Search the records for "footprint" and copy each line that holds it.

◇ ◇ ◇ ◇ ◇ ◇ ◇

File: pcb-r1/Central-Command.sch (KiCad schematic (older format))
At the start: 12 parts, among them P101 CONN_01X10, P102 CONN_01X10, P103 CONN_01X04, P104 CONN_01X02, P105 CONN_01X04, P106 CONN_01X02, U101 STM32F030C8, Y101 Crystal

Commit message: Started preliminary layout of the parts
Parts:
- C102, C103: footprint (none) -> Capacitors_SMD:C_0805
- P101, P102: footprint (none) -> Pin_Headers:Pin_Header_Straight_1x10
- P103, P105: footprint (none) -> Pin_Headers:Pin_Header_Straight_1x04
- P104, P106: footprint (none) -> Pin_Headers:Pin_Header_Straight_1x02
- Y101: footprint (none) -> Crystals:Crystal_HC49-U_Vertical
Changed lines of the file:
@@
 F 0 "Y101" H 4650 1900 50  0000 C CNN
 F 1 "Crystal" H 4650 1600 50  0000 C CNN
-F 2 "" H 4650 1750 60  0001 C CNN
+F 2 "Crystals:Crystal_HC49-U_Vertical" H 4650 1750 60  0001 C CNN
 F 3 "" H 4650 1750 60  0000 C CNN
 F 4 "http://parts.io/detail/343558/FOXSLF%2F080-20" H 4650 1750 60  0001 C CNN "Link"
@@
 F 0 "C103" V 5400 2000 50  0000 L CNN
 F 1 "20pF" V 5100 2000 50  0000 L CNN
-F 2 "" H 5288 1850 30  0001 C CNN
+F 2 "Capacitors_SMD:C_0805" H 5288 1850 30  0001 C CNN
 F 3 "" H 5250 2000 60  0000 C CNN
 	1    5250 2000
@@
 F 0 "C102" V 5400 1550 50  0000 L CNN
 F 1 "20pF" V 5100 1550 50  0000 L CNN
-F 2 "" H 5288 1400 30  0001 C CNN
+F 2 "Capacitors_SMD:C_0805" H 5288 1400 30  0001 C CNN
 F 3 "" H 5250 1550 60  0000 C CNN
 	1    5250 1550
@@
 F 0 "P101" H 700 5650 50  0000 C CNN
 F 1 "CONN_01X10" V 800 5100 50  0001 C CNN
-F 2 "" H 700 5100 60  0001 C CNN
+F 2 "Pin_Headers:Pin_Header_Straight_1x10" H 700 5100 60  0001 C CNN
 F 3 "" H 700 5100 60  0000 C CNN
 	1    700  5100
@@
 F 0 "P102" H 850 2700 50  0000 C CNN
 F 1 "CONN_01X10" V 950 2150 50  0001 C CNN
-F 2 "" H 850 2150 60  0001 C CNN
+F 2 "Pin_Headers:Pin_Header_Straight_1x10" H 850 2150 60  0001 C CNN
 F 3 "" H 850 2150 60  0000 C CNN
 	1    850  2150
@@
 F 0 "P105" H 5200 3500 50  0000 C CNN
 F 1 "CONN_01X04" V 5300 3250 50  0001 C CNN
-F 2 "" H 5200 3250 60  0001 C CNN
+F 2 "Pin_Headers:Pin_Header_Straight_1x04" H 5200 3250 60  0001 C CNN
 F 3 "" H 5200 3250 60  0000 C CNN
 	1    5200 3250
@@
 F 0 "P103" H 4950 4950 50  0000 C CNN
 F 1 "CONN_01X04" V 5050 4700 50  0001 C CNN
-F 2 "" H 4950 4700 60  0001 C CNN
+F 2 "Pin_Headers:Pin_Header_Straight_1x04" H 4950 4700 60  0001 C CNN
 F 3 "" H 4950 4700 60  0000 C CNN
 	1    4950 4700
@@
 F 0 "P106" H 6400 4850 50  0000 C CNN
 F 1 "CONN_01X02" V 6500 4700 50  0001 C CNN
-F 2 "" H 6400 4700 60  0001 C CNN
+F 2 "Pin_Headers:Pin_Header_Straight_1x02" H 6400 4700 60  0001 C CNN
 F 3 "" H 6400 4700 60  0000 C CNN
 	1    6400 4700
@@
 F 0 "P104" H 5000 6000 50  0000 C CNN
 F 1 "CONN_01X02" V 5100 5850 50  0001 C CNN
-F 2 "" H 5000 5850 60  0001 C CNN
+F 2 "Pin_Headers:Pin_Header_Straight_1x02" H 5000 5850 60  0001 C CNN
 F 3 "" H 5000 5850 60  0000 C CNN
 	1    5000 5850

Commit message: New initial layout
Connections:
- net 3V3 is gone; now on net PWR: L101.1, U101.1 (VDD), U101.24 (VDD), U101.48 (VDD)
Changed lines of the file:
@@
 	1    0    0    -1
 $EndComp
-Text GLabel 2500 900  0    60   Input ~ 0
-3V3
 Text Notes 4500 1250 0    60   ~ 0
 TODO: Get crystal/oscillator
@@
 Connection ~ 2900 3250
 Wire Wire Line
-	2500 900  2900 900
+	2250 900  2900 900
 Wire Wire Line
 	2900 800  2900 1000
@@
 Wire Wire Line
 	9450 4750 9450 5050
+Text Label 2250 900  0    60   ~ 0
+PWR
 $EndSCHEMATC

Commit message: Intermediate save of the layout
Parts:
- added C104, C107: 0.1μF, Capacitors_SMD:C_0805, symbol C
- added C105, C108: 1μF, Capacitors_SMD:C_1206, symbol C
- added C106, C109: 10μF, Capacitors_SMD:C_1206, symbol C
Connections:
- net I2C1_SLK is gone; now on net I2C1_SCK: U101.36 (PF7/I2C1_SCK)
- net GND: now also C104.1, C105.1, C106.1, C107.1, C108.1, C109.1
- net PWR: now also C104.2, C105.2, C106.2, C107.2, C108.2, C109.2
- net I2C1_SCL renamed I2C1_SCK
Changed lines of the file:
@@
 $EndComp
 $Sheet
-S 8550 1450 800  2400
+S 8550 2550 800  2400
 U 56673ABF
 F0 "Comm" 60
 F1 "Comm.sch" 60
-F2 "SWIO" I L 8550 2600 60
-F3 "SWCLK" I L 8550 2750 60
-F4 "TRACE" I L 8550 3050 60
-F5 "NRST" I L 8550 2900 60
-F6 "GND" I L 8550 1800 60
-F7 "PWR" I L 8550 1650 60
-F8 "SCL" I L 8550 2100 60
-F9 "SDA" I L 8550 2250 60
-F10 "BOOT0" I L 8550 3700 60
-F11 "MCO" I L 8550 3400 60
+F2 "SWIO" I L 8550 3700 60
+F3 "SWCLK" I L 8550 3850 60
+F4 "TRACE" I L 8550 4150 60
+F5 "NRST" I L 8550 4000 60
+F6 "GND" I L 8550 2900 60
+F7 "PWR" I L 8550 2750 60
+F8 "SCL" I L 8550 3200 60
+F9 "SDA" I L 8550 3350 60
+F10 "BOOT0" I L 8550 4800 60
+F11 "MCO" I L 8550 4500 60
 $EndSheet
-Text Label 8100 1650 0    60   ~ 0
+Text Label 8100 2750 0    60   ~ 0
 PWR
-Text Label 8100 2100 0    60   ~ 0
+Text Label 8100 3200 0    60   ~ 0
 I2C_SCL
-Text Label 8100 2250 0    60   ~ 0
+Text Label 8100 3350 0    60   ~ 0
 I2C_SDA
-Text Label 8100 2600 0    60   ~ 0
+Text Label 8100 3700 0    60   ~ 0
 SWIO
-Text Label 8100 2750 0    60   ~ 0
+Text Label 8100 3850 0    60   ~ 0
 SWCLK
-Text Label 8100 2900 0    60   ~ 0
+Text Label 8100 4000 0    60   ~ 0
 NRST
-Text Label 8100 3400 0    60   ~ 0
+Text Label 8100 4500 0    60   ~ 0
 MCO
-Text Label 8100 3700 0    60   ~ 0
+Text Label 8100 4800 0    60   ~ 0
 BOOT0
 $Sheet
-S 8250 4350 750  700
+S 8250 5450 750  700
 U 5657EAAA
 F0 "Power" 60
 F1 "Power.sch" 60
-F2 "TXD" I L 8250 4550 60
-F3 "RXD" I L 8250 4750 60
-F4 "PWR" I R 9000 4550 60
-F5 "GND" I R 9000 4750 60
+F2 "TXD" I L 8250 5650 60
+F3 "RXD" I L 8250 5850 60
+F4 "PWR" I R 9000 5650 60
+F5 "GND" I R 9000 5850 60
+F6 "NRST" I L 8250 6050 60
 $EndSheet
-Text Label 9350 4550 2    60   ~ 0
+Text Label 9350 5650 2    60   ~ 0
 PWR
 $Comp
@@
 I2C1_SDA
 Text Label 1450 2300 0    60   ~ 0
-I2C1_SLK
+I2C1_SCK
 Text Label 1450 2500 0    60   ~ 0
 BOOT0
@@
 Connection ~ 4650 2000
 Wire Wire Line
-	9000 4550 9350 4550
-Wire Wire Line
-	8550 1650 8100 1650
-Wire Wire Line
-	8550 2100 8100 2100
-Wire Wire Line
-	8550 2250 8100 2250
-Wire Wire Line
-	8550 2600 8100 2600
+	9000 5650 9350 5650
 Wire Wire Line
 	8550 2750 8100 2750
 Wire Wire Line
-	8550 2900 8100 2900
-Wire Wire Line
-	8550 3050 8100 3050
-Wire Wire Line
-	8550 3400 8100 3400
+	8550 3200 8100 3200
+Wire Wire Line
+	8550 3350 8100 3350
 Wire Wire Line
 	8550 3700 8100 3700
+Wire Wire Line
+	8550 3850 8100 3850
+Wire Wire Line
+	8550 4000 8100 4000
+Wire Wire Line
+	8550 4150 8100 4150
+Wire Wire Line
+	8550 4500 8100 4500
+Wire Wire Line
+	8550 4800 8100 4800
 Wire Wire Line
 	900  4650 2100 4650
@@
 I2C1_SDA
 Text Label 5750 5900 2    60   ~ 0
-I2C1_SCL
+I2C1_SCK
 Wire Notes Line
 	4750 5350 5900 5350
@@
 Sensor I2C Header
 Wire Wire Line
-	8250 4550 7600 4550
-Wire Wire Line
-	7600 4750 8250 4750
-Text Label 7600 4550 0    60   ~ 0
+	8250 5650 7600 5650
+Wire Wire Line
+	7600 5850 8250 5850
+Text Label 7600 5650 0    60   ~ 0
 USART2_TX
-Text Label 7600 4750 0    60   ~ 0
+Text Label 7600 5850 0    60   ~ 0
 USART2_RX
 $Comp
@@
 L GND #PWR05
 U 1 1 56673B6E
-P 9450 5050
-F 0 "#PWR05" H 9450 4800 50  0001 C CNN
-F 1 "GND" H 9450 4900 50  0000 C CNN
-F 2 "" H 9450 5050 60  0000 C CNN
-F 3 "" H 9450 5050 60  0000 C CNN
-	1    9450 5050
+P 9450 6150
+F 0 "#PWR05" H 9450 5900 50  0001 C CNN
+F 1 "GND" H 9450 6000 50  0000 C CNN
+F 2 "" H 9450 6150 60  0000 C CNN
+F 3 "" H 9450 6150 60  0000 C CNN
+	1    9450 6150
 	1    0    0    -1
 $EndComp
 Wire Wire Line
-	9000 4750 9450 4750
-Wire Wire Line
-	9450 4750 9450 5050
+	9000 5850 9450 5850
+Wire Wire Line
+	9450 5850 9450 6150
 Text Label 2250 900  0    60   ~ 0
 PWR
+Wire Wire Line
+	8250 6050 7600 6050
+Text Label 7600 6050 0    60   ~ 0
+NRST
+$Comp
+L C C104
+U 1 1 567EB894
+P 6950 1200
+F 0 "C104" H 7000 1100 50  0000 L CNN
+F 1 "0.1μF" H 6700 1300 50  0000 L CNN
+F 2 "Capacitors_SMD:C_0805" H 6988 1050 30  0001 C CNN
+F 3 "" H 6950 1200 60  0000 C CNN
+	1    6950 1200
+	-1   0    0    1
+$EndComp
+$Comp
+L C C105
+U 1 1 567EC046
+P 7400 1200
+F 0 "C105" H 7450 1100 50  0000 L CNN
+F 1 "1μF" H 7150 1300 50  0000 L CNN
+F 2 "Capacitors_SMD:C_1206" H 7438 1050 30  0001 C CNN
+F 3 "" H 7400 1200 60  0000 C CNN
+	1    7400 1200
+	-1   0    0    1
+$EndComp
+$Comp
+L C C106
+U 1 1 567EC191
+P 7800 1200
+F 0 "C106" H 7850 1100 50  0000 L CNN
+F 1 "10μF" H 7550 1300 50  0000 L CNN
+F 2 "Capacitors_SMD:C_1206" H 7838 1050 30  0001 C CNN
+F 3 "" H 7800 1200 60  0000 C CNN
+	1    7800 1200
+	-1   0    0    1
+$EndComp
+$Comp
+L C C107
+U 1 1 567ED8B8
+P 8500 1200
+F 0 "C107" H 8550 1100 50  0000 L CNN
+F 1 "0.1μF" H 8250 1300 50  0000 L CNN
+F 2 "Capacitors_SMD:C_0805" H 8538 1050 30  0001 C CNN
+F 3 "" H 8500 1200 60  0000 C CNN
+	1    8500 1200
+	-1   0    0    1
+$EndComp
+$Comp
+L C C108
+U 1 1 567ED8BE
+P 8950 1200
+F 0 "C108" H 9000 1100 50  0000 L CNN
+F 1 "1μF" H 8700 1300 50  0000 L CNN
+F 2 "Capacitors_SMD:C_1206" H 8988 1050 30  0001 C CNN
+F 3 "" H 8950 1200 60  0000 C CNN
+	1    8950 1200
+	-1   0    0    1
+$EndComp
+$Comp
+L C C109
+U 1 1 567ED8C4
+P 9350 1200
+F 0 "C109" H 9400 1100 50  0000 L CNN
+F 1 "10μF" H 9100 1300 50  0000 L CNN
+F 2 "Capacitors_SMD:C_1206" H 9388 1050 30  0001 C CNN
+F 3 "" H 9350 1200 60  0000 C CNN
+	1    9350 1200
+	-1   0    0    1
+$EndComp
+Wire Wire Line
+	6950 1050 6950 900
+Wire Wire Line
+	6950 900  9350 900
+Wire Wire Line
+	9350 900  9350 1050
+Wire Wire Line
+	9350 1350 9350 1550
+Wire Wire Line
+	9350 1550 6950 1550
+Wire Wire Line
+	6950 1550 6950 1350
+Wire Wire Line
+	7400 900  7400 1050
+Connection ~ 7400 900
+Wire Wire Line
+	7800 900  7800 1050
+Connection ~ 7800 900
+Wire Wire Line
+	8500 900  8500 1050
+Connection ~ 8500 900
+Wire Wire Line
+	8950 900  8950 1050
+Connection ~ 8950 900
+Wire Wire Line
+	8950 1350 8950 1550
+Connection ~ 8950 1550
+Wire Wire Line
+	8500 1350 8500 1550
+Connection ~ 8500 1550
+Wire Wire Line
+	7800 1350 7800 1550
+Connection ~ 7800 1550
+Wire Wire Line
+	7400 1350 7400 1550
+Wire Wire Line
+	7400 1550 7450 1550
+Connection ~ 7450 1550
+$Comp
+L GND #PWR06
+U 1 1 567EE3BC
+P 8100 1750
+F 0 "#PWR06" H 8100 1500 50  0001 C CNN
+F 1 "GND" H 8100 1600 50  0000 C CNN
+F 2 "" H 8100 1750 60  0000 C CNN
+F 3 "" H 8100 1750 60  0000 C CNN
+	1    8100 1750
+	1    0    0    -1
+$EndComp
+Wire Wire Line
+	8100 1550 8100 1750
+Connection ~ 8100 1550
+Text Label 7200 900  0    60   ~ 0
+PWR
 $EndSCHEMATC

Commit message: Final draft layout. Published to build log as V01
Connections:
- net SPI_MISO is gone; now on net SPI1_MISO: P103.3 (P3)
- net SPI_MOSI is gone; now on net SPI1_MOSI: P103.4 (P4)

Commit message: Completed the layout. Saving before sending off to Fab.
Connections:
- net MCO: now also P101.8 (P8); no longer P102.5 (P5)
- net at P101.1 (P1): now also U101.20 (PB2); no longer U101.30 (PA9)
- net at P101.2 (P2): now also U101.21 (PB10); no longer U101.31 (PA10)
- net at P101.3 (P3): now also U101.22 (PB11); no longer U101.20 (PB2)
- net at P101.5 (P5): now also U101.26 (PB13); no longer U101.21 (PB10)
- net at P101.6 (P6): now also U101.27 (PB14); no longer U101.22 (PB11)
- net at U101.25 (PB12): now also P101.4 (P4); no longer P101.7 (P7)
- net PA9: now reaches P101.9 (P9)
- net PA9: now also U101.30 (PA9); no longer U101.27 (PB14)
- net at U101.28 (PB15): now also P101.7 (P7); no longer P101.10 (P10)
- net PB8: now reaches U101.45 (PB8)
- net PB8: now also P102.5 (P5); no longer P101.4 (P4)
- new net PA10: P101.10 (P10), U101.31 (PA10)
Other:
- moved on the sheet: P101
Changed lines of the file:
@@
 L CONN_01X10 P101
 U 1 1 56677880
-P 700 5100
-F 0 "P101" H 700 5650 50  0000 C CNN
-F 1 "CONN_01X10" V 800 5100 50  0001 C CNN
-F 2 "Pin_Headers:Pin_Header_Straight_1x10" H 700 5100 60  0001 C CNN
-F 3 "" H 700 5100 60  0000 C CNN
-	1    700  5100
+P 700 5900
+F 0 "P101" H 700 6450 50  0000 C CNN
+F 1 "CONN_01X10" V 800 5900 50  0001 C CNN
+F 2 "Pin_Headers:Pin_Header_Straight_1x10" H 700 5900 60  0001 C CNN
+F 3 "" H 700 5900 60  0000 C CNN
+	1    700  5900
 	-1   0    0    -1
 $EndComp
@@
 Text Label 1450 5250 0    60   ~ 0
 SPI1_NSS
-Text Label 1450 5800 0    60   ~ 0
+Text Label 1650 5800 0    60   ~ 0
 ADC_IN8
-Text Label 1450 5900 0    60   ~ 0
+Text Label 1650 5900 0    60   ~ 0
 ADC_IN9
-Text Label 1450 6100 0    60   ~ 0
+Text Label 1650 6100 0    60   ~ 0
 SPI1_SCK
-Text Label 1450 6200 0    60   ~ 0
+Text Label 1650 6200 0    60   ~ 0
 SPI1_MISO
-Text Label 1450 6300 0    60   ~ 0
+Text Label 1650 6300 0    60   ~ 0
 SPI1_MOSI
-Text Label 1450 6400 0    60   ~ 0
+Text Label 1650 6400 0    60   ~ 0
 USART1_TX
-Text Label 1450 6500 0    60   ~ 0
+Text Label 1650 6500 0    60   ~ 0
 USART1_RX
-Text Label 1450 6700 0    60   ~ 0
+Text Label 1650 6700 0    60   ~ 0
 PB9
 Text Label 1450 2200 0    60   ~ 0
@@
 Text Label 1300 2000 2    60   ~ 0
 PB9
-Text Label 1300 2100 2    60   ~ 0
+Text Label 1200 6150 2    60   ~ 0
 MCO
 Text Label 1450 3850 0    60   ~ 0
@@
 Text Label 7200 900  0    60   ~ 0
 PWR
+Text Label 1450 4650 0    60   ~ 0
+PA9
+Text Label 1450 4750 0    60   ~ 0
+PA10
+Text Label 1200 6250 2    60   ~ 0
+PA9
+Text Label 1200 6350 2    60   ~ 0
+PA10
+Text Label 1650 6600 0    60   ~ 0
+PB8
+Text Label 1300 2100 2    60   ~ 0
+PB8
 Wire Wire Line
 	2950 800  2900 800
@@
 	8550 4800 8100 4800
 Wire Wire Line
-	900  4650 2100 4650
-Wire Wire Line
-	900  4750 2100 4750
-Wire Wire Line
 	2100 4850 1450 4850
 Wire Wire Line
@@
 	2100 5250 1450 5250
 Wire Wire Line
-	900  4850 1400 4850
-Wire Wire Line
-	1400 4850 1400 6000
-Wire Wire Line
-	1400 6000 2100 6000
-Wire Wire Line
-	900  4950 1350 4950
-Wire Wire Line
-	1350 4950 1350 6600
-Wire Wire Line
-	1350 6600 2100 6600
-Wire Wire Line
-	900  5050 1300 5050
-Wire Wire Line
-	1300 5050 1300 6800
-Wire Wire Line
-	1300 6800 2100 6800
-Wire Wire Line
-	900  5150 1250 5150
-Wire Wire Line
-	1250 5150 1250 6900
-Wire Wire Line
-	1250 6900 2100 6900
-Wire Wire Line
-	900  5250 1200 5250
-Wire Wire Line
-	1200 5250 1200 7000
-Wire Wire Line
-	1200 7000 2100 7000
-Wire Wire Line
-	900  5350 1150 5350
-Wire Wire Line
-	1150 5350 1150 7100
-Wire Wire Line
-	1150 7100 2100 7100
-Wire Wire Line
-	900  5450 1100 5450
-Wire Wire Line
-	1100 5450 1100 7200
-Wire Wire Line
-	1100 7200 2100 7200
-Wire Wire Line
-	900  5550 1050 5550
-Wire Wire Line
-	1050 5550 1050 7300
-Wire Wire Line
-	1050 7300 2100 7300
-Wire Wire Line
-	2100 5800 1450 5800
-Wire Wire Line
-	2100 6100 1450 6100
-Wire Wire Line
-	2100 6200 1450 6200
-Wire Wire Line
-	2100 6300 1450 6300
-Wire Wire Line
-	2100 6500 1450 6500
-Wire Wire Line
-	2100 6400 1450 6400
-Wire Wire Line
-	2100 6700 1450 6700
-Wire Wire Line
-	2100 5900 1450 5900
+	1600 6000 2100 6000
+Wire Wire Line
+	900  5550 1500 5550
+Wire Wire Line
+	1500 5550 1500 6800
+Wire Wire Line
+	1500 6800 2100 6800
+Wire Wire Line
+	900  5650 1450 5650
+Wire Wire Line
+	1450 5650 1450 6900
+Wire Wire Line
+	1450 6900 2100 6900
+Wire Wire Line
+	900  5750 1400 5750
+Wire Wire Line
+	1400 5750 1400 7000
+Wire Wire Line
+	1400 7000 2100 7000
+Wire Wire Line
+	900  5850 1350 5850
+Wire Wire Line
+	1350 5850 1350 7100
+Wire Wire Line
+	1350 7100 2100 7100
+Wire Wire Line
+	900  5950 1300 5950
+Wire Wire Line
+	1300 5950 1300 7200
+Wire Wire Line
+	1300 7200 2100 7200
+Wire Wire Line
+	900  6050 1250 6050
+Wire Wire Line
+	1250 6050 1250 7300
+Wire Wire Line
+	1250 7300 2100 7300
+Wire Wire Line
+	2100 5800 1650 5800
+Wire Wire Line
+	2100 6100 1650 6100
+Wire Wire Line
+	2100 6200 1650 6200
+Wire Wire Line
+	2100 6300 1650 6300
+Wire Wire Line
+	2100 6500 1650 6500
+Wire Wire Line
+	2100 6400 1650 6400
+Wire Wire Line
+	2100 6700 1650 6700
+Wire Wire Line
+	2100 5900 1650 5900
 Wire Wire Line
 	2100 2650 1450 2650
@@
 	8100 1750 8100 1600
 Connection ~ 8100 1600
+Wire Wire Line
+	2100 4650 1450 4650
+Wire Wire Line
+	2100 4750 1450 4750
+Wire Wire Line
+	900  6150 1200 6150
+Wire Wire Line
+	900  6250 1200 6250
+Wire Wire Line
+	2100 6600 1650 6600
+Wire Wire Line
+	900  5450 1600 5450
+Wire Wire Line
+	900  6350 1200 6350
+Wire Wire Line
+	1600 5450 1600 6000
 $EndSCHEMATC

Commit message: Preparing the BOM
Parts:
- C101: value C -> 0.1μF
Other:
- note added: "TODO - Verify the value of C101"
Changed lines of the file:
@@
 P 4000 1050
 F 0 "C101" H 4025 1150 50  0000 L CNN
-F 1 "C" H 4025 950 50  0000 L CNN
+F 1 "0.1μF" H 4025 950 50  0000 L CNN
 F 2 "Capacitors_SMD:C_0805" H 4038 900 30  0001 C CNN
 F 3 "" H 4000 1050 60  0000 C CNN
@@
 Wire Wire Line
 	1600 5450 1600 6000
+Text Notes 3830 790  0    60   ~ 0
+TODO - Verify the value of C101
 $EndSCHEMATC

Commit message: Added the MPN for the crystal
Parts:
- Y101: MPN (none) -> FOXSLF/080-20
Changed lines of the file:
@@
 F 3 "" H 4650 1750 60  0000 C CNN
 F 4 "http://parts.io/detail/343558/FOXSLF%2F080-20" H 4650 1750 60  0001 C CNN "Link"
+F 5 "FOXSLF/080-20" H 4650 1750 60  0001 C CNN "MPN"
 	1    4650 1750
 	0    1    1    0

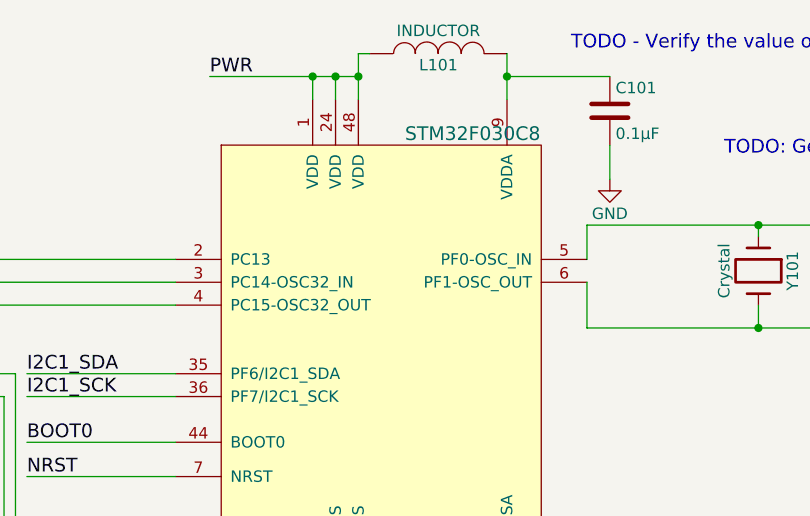
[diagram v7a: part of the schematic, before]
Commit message: Updated the parts for the BOM
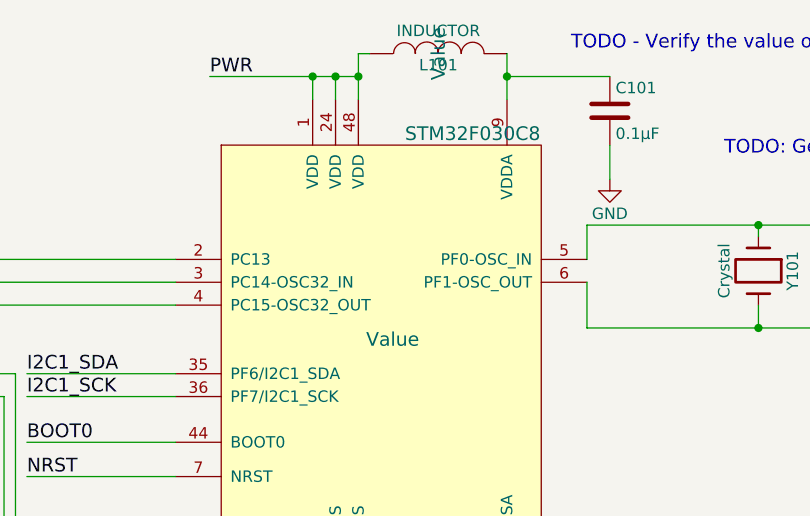
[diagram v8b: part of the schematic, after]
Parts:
- L101: ConradPN (none) -> Value; DigiKeyPN (none) -> 490-6588-1-ND; Label (none) -> Value; MPN (none) -> LQH31CN100K03L
- U101: ConradPN (none) -> Value; DigiKeyPN (none) -> 497-14043-ND; Label (none) -> Value; MPN (none) -> STM32F030C8
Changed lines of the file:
@@
 F 2 "Housings_QFP:LQFP-48_7x7mm_Pitch0.5mm" H 3050 2050 60  0001 C CNN
 F 3 "" H 3050 2050 60  0000 C CNN
+F 4 "STM32F030C8" H 3050 2050 60  0001 C CNN "MPN"
+F 5 "Value" H 3050 2050 60  0001 C CNN "ConradPN"
+F 6 "Value" H 3050 2050 60  0000 C CNN "Label"
+F 7 "497-14043-ND" H 3050 2050 60  0001 C CNN "DigiKeyPN"
 	3    3050 2050
 	1    0    0    -1
@@
 F 2 "Inductors_NEOSID:Neosid_Inductor_SM1206" H 3250 800 60  0001 C CNN
 F 3 "" H 3250 800 60  0000 C CNN
+F 4 "LQH31CN100K03L" H 3250 800 60  0001 C CNN "MPN"
+F 5 "Value" H 3250 800 60  0001 C CNN "ConradPN"
+F 6 "Value" H 3250 800 60  0000 C CNN "Label"
+F 7 "490-6588-1-ND" V 3250 800 60  0001 C CNN "DigiKeyPN"
 	1    3250 800
 	0    -1   -1   0

◇ ◇ ◇ ◇ ◇ ◇ ◇

_SOLUTION FOR THIS TASK_
- C102, C103: footprint (none) -> Capacitors_SMD:C_0805
- P101, P102: footprint (none) -> Pin_Headers:Pin_Header_Straight_1x10
- P103, P105: footprint (none) -> Pin_Headers:Pin_Header_Straight_1x04
- P104, P106: footprint (none) -> Pin_Headers:Pin_Header_Straight_1x02
- Y101: footprint (none) -> Crystals:Crystal_HC49-U_Vertical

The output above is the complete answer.